[Dataset records]
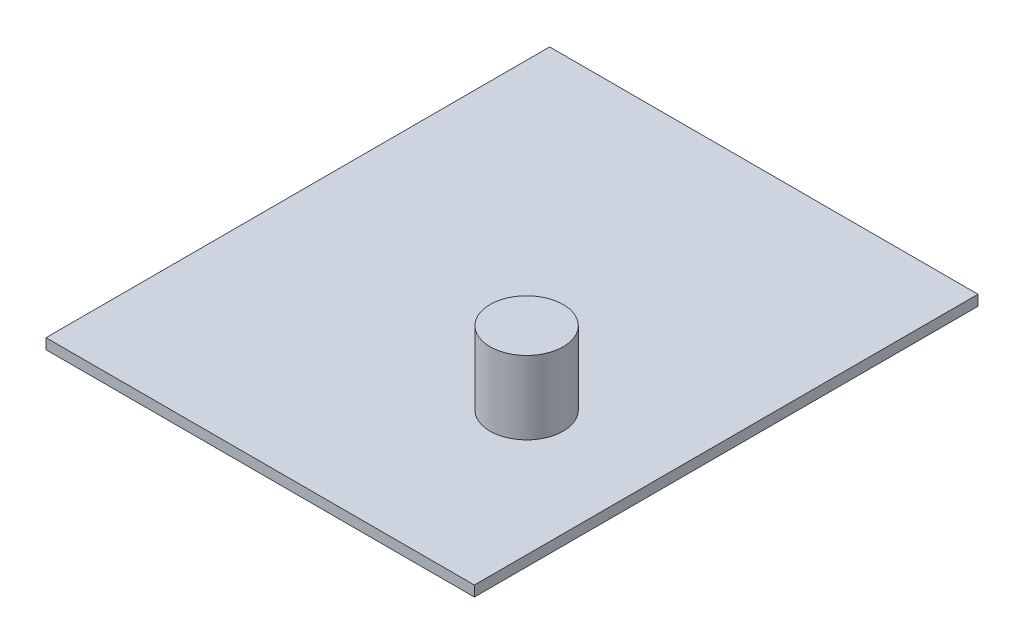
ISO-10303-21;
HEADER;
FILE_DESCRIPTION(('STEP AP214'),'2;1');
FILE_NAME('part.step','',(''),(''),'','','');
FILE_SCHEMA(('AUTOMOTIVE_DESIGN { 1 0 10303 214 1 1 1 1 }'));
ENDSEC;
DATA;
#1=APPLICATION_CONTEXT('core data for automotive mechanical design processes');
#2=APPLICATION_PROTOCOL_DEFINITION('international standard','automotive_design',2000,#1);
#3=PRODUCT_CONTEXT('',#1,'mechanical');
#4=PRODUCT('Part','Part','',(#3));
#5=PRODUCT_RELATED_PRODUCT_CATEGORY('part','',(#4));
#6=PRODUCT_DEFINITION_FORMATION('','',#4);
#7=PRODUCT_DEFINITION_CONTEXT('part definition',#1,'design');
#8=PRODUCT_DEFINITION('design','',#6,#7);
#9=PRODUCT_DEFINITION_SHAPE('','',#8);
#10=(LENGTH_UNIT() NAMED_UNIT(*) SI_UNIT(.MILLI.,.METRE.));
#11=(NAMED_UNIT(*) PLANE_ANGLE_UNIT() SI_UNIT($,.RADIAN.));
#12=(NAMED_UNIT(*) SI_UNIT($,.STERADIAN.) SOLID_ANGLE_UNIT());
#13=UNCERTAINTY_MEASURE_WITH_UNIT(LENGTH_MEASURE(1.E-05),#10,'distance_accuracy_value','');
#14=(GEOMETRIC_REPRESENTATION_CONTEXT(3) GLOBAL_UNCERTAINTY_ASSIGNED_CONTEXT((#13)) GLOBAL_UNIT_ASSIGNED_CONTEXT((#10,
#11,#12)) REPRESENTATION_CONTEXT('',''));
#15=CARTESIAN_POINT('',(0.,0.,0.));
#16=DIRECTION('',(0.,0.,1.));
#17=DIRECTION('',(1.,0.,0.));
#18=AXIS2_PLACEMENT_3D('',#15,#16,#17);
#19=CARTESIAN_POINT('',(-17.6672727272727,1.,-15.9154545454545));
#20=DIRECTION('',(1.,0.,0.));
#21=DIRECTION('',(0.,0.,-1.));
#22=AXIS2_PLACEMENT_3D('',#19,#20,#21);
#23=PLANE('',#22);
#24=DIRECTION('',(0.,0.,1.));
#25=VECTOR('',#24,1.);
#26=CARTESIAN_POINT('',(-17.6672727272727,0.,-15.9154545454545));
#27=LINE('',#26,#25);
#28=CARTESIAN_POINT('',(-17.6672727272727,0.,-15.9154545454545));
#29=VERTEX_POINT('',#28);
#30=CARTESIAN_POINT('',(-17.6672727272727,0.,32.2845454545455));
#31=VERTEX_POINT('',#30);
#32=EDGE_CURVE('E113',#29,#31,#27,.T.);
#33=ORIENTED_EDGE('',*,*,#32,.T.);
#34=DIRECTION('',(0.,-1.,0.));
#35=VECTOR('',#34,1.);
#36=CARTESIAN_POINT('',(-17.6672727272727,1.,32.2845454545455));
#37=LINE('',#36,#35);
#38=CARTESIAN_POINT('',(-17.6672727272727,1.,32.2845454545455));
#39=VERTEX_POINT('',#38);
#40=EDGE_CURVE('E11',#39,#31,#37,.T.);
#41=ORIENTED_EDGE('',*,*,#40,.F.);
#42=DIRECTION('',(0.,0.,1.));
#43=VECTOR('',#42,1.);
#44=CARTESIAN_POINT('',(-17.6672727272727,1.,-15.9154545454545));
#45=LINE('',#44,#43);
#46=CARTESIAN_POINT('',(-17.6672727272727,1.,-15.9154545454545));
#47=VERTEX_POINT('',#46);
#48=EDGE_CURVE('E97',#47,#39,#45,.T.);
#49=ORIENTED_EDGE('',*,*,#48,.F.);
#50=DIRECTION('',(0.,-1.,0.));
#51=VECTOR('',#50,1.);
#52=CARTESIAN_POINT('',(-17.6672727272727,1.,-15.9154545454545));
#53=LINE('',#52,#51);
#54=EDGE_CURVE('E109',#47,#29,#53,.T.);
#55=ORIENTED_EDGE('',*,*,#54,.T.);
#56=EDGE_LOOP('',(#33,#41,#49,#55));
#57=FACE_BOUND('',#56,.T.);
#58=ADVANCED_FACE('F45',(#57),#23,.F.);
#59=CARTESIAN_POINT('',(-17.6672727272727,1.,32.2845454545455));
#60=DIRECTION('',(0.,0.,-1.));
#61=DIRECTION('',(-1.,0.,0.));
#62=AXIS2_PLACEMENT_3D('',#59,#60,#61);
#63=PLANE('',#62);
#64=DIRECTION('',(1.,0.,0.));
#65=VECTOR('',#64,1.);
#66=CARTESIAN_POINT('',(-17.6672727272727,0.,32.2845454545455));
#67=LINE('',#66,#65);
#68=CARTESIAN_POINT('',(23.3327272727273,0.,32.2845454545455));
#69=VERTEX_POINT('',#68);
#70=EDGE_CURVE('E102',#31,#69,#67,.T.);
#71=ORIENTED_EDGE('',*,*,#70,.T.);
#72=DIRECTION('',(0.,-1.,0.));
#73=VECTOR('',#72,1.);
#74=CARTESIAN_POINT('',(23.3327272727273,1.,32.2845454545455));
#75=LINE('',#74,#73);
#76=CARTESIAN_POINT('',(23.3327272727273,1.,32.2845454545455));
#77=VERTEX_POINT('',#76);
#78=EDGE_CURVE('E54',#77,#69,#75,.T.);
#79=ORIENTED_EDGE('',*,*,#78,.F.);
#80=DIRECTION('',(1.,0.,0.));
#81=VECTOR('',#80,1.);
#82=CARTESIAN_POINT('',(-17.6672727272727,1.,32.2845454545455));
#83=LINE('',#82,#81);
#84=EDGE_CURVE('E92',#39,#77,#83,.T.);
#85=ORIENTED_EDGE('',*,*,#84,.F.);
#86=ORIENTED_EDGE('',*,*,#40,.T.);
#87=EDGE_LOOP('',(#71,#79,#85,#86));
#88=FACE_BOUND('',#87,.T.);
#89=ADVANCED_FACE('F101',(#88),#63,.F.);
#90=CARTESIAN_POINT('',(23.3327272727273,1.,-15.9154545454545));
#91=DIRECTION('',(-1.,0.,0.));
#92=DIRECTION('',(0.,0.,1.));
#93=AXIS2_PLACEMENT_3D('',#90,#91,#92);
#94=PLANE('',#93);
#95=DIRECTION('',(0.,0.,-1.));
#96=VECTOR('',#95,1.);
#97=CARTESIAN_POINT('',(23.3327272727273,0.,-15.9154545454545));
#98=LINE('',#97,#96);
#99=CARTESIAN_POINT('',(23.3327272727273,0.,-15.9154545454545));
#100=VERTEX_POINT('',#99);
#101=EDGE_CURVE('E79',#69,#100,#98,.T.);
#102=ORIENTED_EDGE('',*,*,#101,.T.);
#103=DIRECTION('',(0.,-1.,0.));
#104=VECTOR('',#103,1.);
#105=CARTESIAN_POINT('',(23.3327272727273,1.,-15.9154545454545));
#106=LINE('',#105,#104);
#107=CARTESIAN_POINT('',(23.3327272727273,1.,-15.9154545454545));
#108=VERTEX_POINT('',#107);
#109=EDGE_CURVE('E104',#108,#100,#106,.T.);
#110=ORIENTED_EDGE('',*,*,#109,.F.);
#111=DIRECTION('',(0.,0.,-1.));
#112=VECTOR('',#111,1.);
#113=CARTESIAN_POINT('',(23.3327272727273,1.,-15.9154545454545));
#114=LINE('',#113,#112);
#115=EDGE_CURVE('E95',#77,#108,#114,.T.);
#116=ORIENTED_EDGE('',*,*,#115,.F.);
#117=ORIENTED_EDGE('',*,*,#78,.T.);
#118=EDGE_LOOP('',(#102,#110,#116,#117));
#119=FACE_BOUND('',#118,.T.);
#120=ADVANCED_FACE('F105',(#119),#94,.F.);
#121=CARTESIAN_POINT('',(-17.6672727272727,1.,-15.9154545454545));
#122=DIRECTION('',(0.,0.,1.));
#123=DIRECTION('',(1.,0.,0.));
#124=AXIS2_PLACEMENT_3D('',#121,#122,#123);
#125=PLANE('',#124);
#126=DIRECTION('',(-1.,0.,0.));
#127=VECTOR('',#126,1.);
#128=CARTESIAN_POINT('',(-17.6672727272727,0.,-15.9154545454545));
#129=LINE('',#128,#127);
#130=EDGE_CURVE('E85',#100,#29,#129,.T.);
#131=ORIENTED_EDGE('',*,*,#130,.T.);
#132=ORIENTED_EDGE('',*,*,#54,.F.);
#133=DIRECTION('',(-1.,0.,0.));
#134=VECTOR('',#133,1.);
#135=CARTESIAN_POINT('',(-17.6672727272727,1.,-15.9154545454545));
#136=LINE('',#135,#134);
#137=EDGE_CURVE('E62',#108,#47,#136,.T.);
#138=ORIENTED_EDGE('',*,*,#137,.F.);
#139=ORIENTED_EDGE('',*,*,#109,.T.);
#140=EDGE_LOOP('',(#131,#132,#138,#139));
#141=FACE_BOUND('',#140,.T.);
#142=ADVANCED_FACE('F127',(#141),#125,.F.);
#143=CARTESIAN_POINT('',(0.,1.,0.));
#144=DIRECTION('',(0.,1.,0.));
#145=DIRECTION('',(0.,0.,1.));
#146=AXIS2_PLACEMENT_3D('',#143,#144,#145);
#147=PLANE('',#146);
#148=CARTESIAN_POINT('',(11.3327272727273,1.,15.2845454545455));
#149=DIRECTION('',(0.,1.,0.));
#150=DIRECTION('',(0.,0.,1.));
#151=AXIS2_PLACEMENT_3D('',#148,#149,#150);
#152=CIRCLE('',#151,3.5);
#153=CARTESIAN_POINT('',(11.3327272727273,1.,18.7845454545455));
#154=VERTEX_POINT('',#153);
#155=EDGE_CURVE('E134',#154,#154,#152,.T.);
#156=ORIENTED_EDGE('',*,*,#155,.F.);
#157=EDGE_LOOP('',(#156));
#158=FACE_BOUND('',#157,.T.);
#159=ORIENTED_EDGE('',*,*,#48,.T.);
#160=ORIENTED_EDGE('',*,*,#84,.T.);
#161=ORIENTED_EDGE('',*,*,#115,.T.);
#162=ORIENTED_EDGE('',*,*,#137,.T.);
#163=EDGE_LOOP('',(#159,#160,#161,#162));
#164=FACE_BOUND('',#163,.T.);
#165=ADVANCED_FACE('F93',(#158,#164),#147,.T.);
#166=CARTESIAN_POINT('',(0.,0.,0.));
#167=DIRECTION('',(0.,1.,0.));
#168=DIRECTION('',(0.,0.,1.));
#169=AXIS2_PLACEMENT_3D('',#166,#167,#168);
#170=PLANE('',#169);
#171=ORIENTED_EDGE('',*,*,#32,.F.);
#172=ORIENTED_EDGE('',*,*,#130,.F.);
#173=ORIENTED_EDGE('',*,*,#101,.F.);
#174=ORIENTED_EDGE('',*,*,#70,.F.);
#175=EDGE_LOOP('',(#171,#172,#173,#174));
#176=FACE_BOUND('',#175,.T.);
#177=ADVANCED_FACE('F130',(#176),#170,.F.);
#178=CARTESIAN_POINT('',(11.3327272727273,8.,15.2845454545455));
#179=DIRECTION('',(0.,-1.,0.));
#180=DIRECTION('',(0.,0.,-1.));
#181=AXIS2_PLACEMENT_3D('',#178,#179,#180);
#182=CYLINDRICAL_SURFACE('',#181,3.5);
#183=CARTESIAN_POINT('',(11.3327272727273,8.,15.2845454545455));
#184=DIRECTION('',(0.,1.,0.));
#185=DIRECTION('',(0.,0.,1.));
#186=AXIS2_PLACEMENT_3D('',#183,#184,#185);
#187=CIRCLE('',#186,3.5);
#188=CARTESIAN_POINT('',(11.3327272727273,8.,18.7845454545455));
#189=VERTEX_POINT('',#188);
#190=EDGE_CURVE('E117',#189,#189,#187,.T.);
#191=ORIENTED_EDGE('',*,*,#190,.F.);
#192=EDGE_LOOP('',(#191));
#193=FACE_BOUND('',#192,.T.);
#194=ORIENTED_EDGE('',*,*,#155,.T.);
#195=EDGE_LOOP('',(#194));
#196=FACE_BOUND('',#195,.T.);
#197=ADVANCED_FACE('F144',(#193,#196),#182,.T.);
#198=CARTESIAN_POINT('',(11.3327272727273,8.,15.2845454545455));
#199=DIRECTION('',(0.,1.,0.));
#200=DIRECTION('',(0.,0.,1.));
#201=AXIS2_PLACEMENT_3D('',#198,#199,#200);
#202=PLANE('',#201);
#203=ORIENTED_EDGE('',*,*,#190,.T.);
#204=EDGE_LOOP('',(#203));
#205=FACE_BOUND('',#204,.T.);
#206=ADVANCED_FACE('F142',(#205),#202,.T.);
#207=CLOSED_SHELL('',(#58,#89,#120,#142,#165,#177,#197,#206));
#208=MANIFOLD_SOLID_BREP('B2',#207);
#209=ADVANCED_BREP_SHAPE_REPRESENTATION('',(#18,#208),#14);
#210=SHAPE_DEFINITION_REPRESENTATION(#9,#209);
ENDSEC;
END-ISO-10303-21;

Work to be completed
Every line from the top of the records above to the line with "#1=APPLICATION_CONTEXT('core data for", inclusive, should be duplicated exactly, minus the pictures.

The answer
ISO-10303-21;
HEADER;
FILE_DESCRIPTION(('STEP AP214'),'2;1');
FILE_NAME('part.step','',(''),(''),'','','');
FILE_SCHEMA(('AUTOMOTIVE_DESIGN { 1 0 10303 214 1 1 1 1 }'));
ENDSEC;
DATA;
#1=APPLICATION_CONTEXT('core data for automotive mechanical design processes');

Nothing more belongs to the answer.